Dabei ist diese Episode besonders aufschlussreich: In der unverhohlen hanebüchenen Konstruktion zeigt sie, worum es in diesem Debüt eigentlich geht. Auch wenn der schnoddrige, bisweilen heitere Tonfall auch darüber hinwegtäuschen mag: Tijan Sila präsentiert uns Kleinstgeschichten über zerrüttete Gesellschaften, über Verdachtsfälle, das Ende des Vertrauens und eine Brutalität, die in Körpern und Gedanken lauert. Die Gewalt, die er dabei schildert, schwelt im kriegszerfetzten Sarajevo ebenso wie im vermeintlich heimeligen Heidelberg, sie sucht den Ich-Erzähler ebenso heim wie den prügelnden Neonazi von nebenan. Diese illusionslose Sicht bewahrt den Autor letztlich auch davor, die Figuren einem allzu einfachen Opfer- und Täterschema preiszugeben.

Zugleich stellt Sila jene geistreichen und spitzzüngigen Deutschland-Diagnosen auf , denen sich das deutsche Publikum in einer Mischung aus Schuld, Lust und Scham so gerne hingibt: „Jedem Nazi wohnt ein Hermann Löns inne; sie sind verkümmert und untalentiert, haben aber zugleich das intensivste Verlangen nach Kitsch – und wenn dieser in der Natur zu finden sein soll, wird das hässliche Mountainbike aus der Garage gezerrt.
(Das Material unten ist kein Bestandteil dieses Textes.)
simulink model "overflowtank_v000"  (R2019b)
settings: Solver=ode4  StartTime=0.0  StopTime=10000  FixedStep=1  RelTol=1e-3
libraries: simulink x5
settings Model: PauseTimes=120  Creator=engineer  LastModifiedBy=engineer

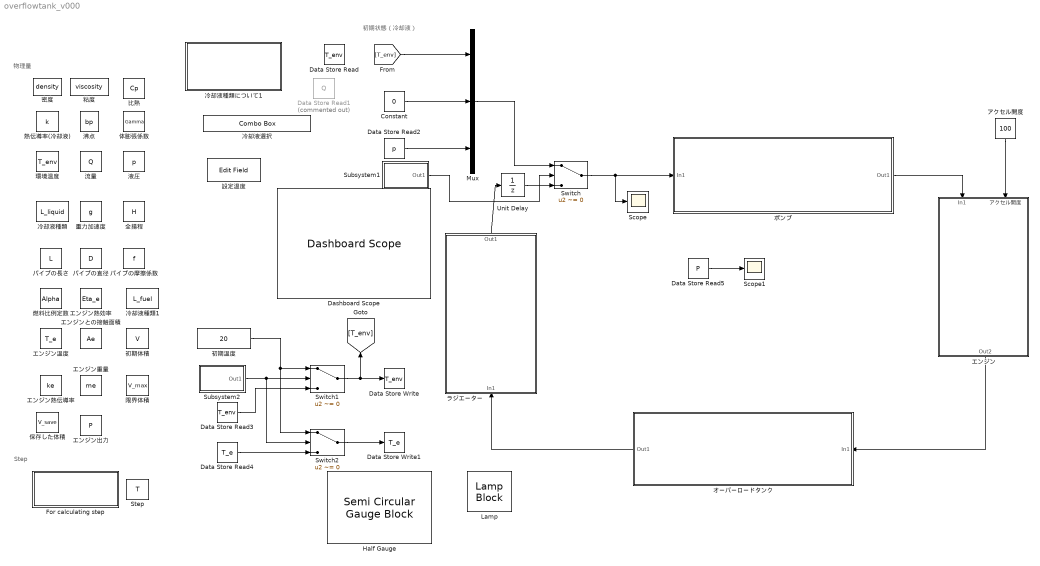
== system overflowtank_v000 ==
  note: 初期状態（冷却液）
  note: 物理量
  note: Step
  " エンジン温度" : DataStoreMemory  DataStoreName=T_e  ReadBeforeWriteMsg=warning  WriteAfterWriteMsg=warning  WriteAfterReadMsg=warning  InitialValue=25  ShowAdditionalParam=off
  " 全揚程" : DataStoreMemory  DataStoreName=H  ReadBeforeWriteMsg=warning  WriteAfterWriteMsg=warning  WriteAfterReadMsg=warning  InitialValue=2  ShowAdditionalParam=off
  " 冷却液種類" : DataStoreMemory  DataStoreName=L_liquid  ReadBeforeWriteMsg=warning  WriteAfterWriteMsg=warning  WriteAfterReadMsg=warning  ShowAdditionalParam=off  OutMin=0  OutMax=2
  " 冷却液種類1" : DataStoreMemory  DataStoreName=L_fuel  ReadBeforeWriteMsg=warning  WriteAfterWriteMsg=warning  WriteAfterReadMsg=warning  ShowAdditionalParam=off  OutMin=0  OutMax=2
  " 流量" : DataStoreMemory  DataStoreName=Q  ReadBeforeWriteMsg=warning  WriteAfterWriteMsg=warning  WriteAfterReadMsg=warning  ShowAdditionalParam=off
  " 液圧" : DataStoreMemory  DataStoreName=p  ReadBeforeWriteMsg=warning  WriteAfterWriteMsg=warning  WriteAfterReadMsg=warning  InitialValue=101  ShowAdditionalParam=off
  " 重力加速度" : DataStoreMemory  DataStoreName=g  ReadBeforeWriteMsg=warning  WriteAfterWriteMsg=warning  WriteAfterReadMsg=warning  InitialValue=10  ShowAdditionalParam=off
  Constant : Constant  Value=0
  Dashboard Scope : DashboardScope
  Data Store Read : DataStoreRead  DataStoreName=T_env
  Data Store Read1 : DataStoreRead  Commented=on  DataStoreName=Q
  Data Store Read2 : DataStoreRead  DataStoreName=p
  Data Store Read3 : DataStoreRead  DataStoreName=T_env
  Data Store Read4 : DataStoreRead  DataStoreName=T_e
  Data Store Read5 : DataStoreRead  DataStoreName=P
  Data Store Write : DataStoreWrite  DataStoreName=T_env
  Data Store Write1 : DataStoreWrite  DataStoreName=T_e
  For calculating step : Subsystem
  Half Gauge : SemiCircularGaugeBlock  ScaleMax=50
  Lamp : LampBlock
  Mux : Mux  Inputs=3
  Scope : Scope
  Scope1 : Scope
  Step : DataStoreMemory  DataStoreName=T  ReadBeforeWriteMsg=warning  WriteAfterWriteMsg=warning  WriteAfterReadMsg=warning  ShowAdditionalParam=off
  Subsystem1 : Subsystem
  Subsystem2 : Subsystem
  Switch : Switch  Criteria=u2 ~= 0
  Switch1 : Switch  Criteria=u2 ~= 0
  Switch2 : Switch  Criteria=u2 ~= 0
  Unit Delay : UnitDelay  SampleTime=-1  HasFrameUpgradeWarning=on
  アクセル開度 : Constant  Value=100
  エンジン : Subsystem
  エンジンとの接触面積 : DataStoreMemory  DataStoreName=Ae  ReadBeforeWriteMsg=warning  WriteAfterWriteMsg=warning  WriteAfterReadMsg=warning  InitialValue=0.3  ShowAdditionalParam=off
  エンジン出力 : DataStoreMemory  DataStoreName=P  ReadBeforeWriteMsg=warning  WriteAfterWriteMsg=warning  WriteAfterReadMsg=warning  ShowAdditionalParam=off
  エンジン熱伝導率 : DataStoreMemory  DataStoreName=ke  ReadBeforeWriteMsg=warning  WriteAfterWriteMsg=warning  WriteAfterReadMsg=warning  InitialValue=237  ShowAdditionalParam=off
  エンジン熱効率 : DataStoreMemory  DataStoreName=Eta_e  ReadBeforeWriteMsg=warning  WriteAfterWriteMsg=warning  WriteAfterReadMsg=warning  InitialValue=0.1  ShowAdditionalParam=off
  エンジン重量 : DataStoreMemory  DataStoreName=me  ReadBeforeWriteMsg=warning  WriteAfterWriteMsg=warning  WriteAfterReadMsg=warning  InitialValue=550  ShowAdditionalParam=off
  オーバーロードタンク : Subsystem
  パイプの摩擦係数 : DataStoreMemory  DataStoreName=f  ReadBeforeWriteMsg=warning  WriteAfterWriteMsg=warning  WriteAfterReadMsg=warning  InitialValue=0.01  ShowAdditionalParam=off
  パイプの直径 : DataStoreMemory  DataStoreName=D  ReadBeforeWriteMsg=warning  WriteAfterWriteMsg=warning  WriteAfterReadMsg=warning  InitialValue=0.04  ShowAdditionalParam=off
  パイプの長さ : DataStoreMemory  DataStoreName=L  ReadBeforeWriteMsg=warning  WriteAfterWriteMsg=warning  WriteAfterReadMsg=warning  InitialValue=7  ShowAdditionalParam=off
  ポンプ : Subsystem
  ラジエーター : Subsystem
  体膨張係数 : DataStoreMemory  DataStoreName=Gamma  ReadBeforeWriteMsg=warning  WriteAfterWriteMsg=warning  WriteAfterReadMsg=warning  InitialValue=0.00021  ShowAdditionalParam=off
  保存した体積 : DataStoreMemory  DataStoreName=V_save  InitialValue=0.001  ShowAdditionalParam=off
  冷却液種類について1 : Subsystem  VariantControl=Variant1
  冷却液選択 : ComboBox  LabelPosition=Hide  SelectedLabel=Water
      settings: Values={{'Water', 'EG30%', 'EG50%'}, [0 1 2]}
  初期体積 : DataStoreMemory  DataStoreName=V  InitialValue=0.009  ShowAdditionalParam=off
  初期温度 : Constant  Value=20
  密度 : DataStoreMemory  DataStoreName=density  ReadBeforeWriteMsg=warning  WriteAfterWriteMsg=warning  WriteAfterReadMsg=warning  InitialValue=1000  ShowAdditionalParam=off
  比熱 : DataStoreMemory  DataStoreName=Cp  ReadBeforeWriteMsg=warning  WriteAfterWriteMsg=warning  WriteAfterReadMsg=warning  InitialValue=4184  ShowAdditionalParam=off
  沸点 : DataStoreMemory  DataStoreName=bp  ReadBeforeWriteMsg=warning  WriteAfterWriteMsg=warning  WriteAfterReadMsg=warning  InitialValue=100  ShowAdditionalParam=off
  熱伝導率(冷却液) : DataStoreMemory  DataStoreName=k  ReadBeforeWriteMsg=warning  WriteAfterWriteMsg=warning  WriteAfterReadMsg=warning  InitialValue=0.606  ShowAdditionalParam=off
  燃料比例定数 : DataStoreMemory  DataStoreName=Alpha  ReadBeforeWriteMsg=warning  WriteAfterWriteMsg=warning  WriteAfterReadMsg=warning  InitialValue=0.005  ShowAdditionalParam=off
  "環境温度 " : DataStoreMemory  DataStoreName=T_env  ReadBeforeWriteMsg=warning  WriteAfterWriteMsg=warning  WriteAfterReadMsg=warning  InitialValue=25  ShowAdditionalParam=off
  粘度 : DataStoreMemory  DataStoreName=viscosity  ReadBeforeWriteMsg=warning  WriteAfterWriteMsg=warning  WriteAfterReadMsg=warning  InitialValue=0.001  ShowAdditionalParam=off
  設定温度 : EditField  LabelPosition=Hide  ShowInitialText=on  Alignment=Center
  限界体積 : DataStoreMemory  DataStoreName=V_max  InitialValue=0.009  ShowAdditionalParam=off
  wires:
  Mux/1 -> Switch/1
  [T_env] -> Mux/1
  Constant/1 -> Mux/2
  Data Store Read2/1 -> Mux/3
  Switch/1 -> ポンプ/1(In1), Scope/1
  オーバーロードタンク/1(Out1) -> ラジエーター/1(In1)
  Subsystem1/1(Out1) -> Switch/2
  Unit Delay/1 -> Switch/3
  アクセル開度/1 -> エンジン/2(アクセル開度)
  ポンプ/1(Out1) -> エンジン/1(In1)
  エンジン/1(Out2) -> オーバーロードタンク/1(In1)
  ラジエーター/1(Out1) -> Unit Delay/1
  初期温度/1 -> Switch1/1, Switch2/1
  Subsystem2/1(Out1) -> Switch2/2, Switch1/2
  Switch1/1 -> Data Store Write/1, [T_env]
  Switch2/1 -> Data Store Write1/1
  Data Store Read3/1 -> Switch1/3
  Data Store Read4/1 -> Switch2/3
  Data Store Read5/1 -> Scope1/1

== system overflowtank_v000/For calculating step ==
  Add1 : Sum  Inputs=+-
  Clock1 : Clock
  Data Store Write : DataStoreWrite  DataStoreName=T
  Unit Delay2 : UnitDelay  SampleTime=-1  HasFrameUpgradeWarning=on
  wires:
  Clock1/1 -> Add1/1, Unit Delay2/1
  Add1/1 -> Data Store Write/1
  Unit Delay2/1 -> Add1/2

== system overflowtank_v000/Subsystem1 ==
  Constant : Constant  OutDataTypeStr=boolean
  Logical Operator : Logic  Operator=NOT  AllPortsSameDT=off  OutDataTypeStr=boolean
  Logical Operator1 : Logic  AllPortsSameDT=off  OutDataTypeStr=boolean
  Unit Delay : UnitDelay  SampleTime=-1  HasFrameUpgradeWarning=on
  Out1 : Outport
  wires:
  Constant/1 -> Unit Delay/1, Logical Operator1/1
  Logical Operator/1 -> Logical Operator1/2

Es sieht aus wie ein Panzer.“ Was den Roman (wie auch Pascal Richmanns Debüt) vor allem lesenswert macht, sind diese Kommentare über Deutschland und seine Bewohner, über die „BASF-Rentner, die von einem Vereinstreffen heimkehrten“, die Vorstädte mit ihren „Rollläden, Doppelverglasung, Terrakotta, Maschendraht und Carports“ und die vielen Nazis, diese „hässlichen, verkümmerten Hüftspeckmenschen, die in einer Wirtschaft randalieren und friedliche Akademiker verprügeln wollten, aber sich so ernstnahmen, als seien sie Kreuzritter“.